Thursday, May 27, 2010

Health Wonk Review Review: Why Insurers Aren't Utilities

Cross-posted from The Agenda on National Review Online.

Health Wonk Review is a traveling, biweekly compilation of interesting posts from the health care policy blogosphere. The latest edition, hosted by David Williams of Health Business Blog, highlights articles from 23 blogs on the left, right, and center. Much of the focus this time around is on the provision in the Patient Protection and Affordable Care Act that requires insurers to spend 80-85% of their premium revenues on patient medical expenses (the “medical loss ratio” in industry parlance).

Austin Frakt of the Incidental Economist argues that increasing competition among insurers, by allowing people to buy insurance across state lines, for example, can lead to increased costs, because health care providers (hospitals, doctors, etc.) also play a role in determining the price of healthcare. While I partially agree with him on that front, his favored solution—converting insurers into utilities via medical loss ratio mandates—will make the problem worse, not better. As David Williams observes, “it is foolish to look at medical costs as good and administrative costs as bad,” because MLR mandates incentivize insurers to “drive premiums up over the long term so that relatively fixed administrative costs (like executive salaries) decline as a percentage of premiums.”

Jaan Sidorov of the Disease Management Care Blog summarizes the MLR debate as one between “constructionists,” who understand that insurance is strictly about pooling risk, and “activists,” who seek to so “enable the betterment of needed health care services” via insurance regulation. (I would quibble with the term “betterment.”) Sidorov notes that “the activist view of Medicare may underlie the nomination of [Donald] Berwick to lead the [Centers for Medicare and Medicaid Services].”

Louise Norris of the Colorado Health Insurance Insider analyzes a new report from the National Center for Health Statistics, which points out that most of the people who visit emergency rooms already have health insurance, debunking the myth that individual mandates are necessary to fix this problem.

John Goodman wrote an outstanding piece on his outstanding blog about why the problem of rescissions—when an insurer cancels someone’s policy because he had misrepresented his preexisting conditions—is overrated. (In sum, rescissions are very rare, and abuse of the procedure is already illegal.)

Bob Vineyard of InsureBlog notes that the latest episode of the Massachusetts health care soap opera involves the state legislature forcing wealthy hospitals to make a “one-time $100 million contribution”—a sentence in which possibly every word is factually inaccurate—to keep the Bay State’s health care system from falling apart. “Some politicians just don’t learn,” he writes.
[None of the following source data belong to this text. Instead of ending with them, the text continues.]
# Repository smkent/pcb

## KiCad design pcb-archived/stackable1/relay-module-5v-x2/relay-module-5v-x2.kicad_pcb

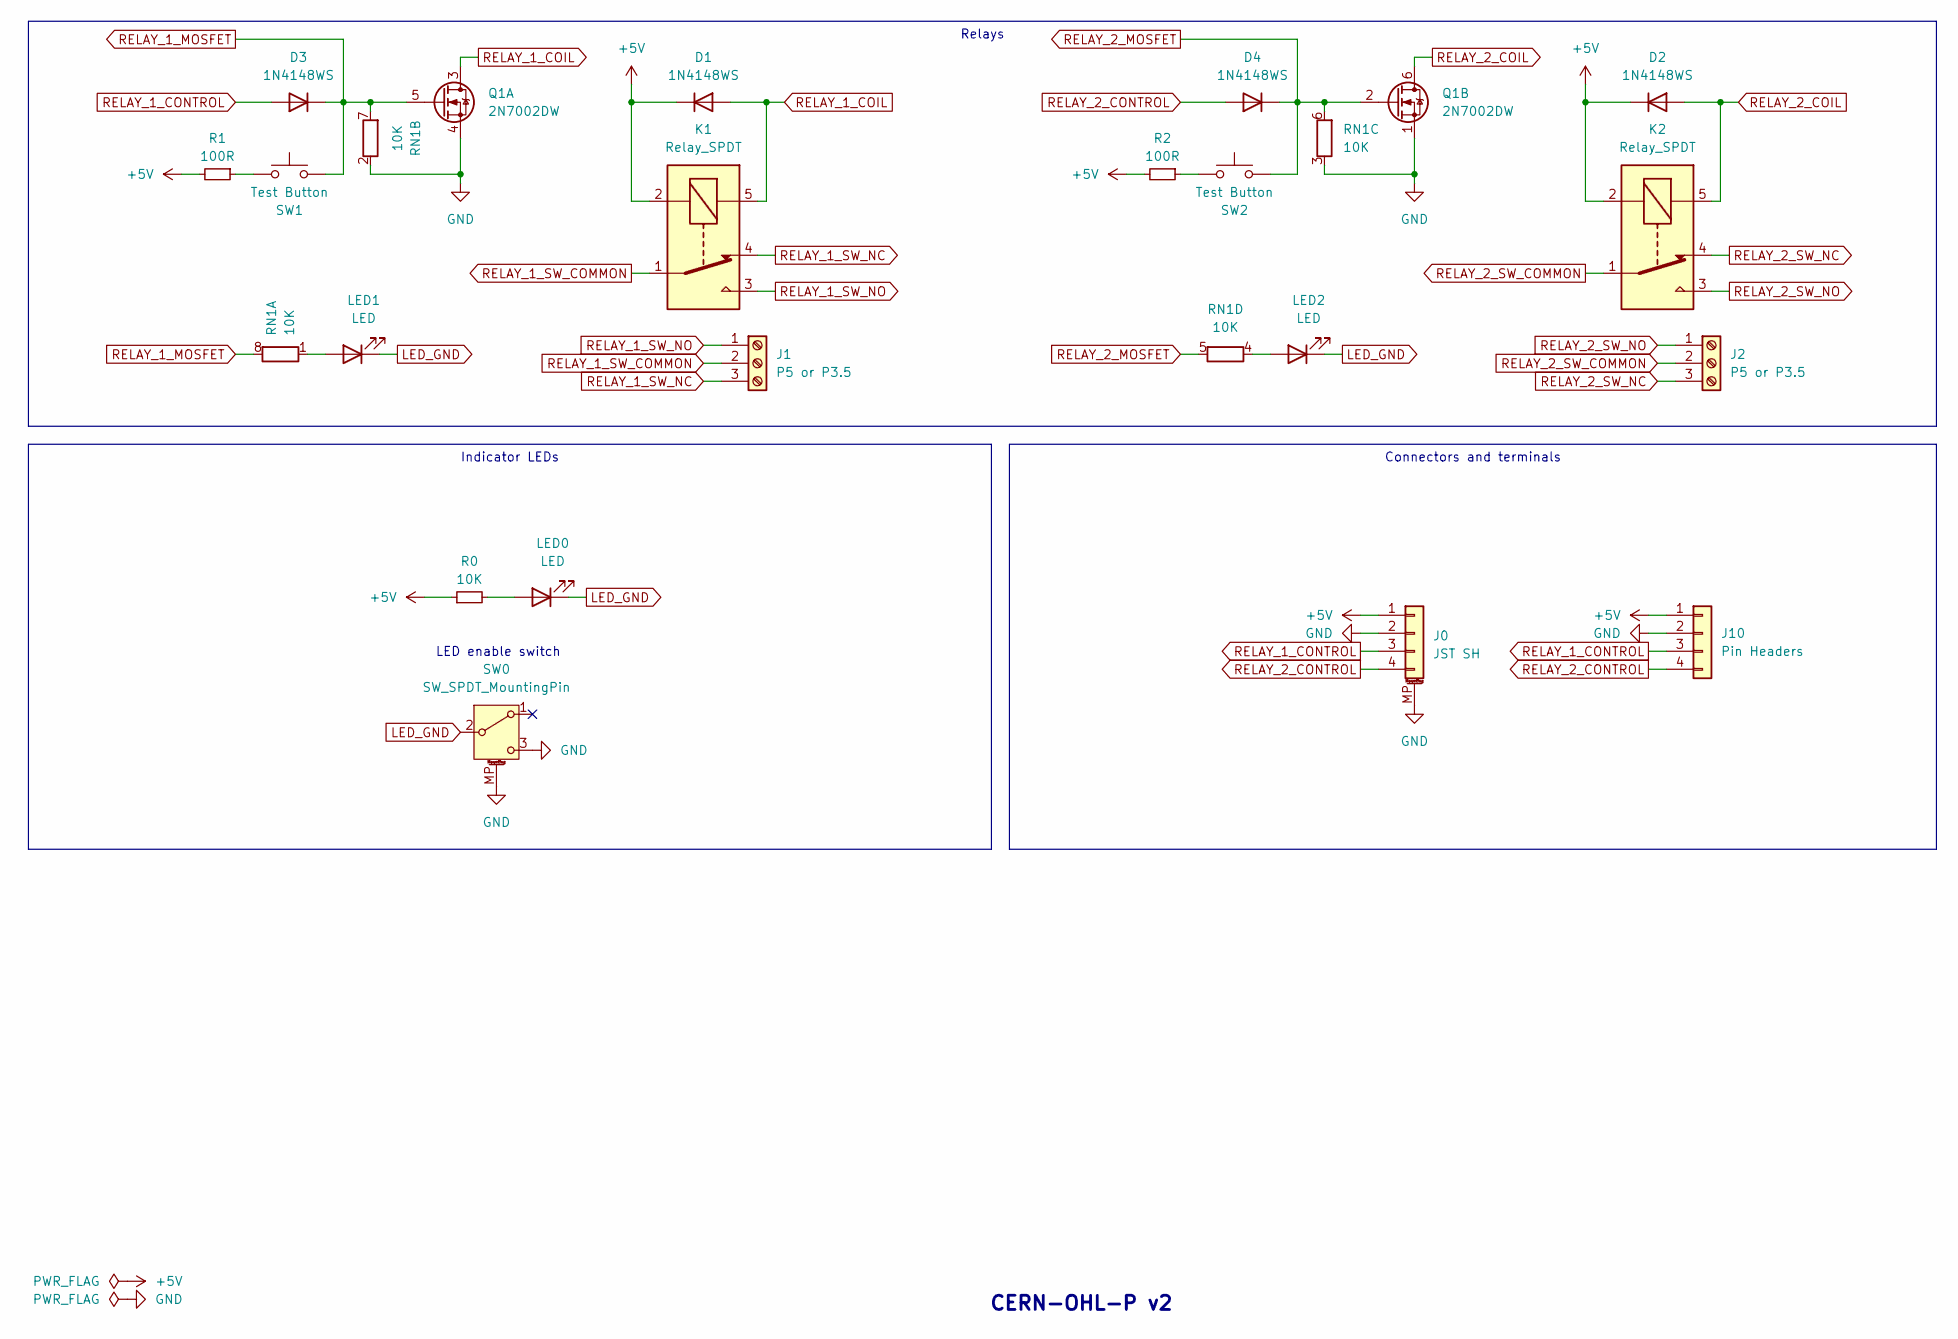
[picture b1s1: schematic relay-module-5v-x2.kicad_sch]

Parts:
D1, D2, D3, D4: 1N4148WS; D_SOD-323_HandSoldering_simple
J0: JST SH; JST_SH_SM04B-SRSS-TB_1x04-1MP_P1.00mm_Horizontal
J1, J2: P5 or P3.5; Conn_Combo_TerminalBlock_P3.5-P5.08_JST-XH_1x03
J10: Pin Headers; PinHeader_1x04_P2.54mm_Vertical_simple_pad2gnd
K1, K2: Relay_SPDT; Relay_SPDT_SANYOU_SRD_Series_Form_C
LED0, LED1, LED2: LED; LED_0805_2012Metric_Pad1.15x1.40mm_HandSolder_simple
Q1: 2N7002DW; SOT-23-6; LCSC Part C5190214
R0: 10K; R_0805_2012Metric_Pad1.20x1.40mm_HandSolder
R1, R2: 100R; R_0805_2012Metric_Pad1.20x1.40mm_HandSolder
RN1: 10K; R_Array_Convex_4x0603
SW0: SW_SPDT_MountingPin; SW-SMD_3P-P1.50_L2.7-W6.6
SW1, SW2: Test Button; SW-SMD_BZCN_TSA002A35XXX

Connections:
+5V: D1.1 (K), D2.1 (K), J0.1, J10.1, K1.2, K2.2, R0.1, R1.2, R2.2
GND: J0.2, J0.MP (MountPin), J10.2, Q1.1 (S), Q1.4 (S), RN1.2 (R2.1), RN1.3 (R3.1), SW0.3 (C), SW0.MP (MountPin)
LED_GND: LED0.1 (K), LED1.1 (K), LED2.1 (K), SW0.2 (B)
unnamed: LED0.2 (A), R0.2
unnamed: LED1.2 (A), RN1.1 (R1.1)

Roy Poses at Health Care Renewal notes a Pittsburgh Tribune-Review article that shows that the University of Pittsburgh Medical Center paid $5.16 million to CEO Jeffrey Romoff in 2009, and millions to other top executives, puncturing the illusion that it’s only at for-profit entities that senior management is well-paid.

Brad Flansbaum at the Hospitalist Leader is pessimistic about the fiscally sane options for dealing with the “doc fix.” As he concludes: “‘Physicians, you will be making less money, the good time days of the last forty years are coming to a close.’ What is waste, what we can afford, who will take the hit…they are all up for debate, and it is going to get ugly.” Indeed.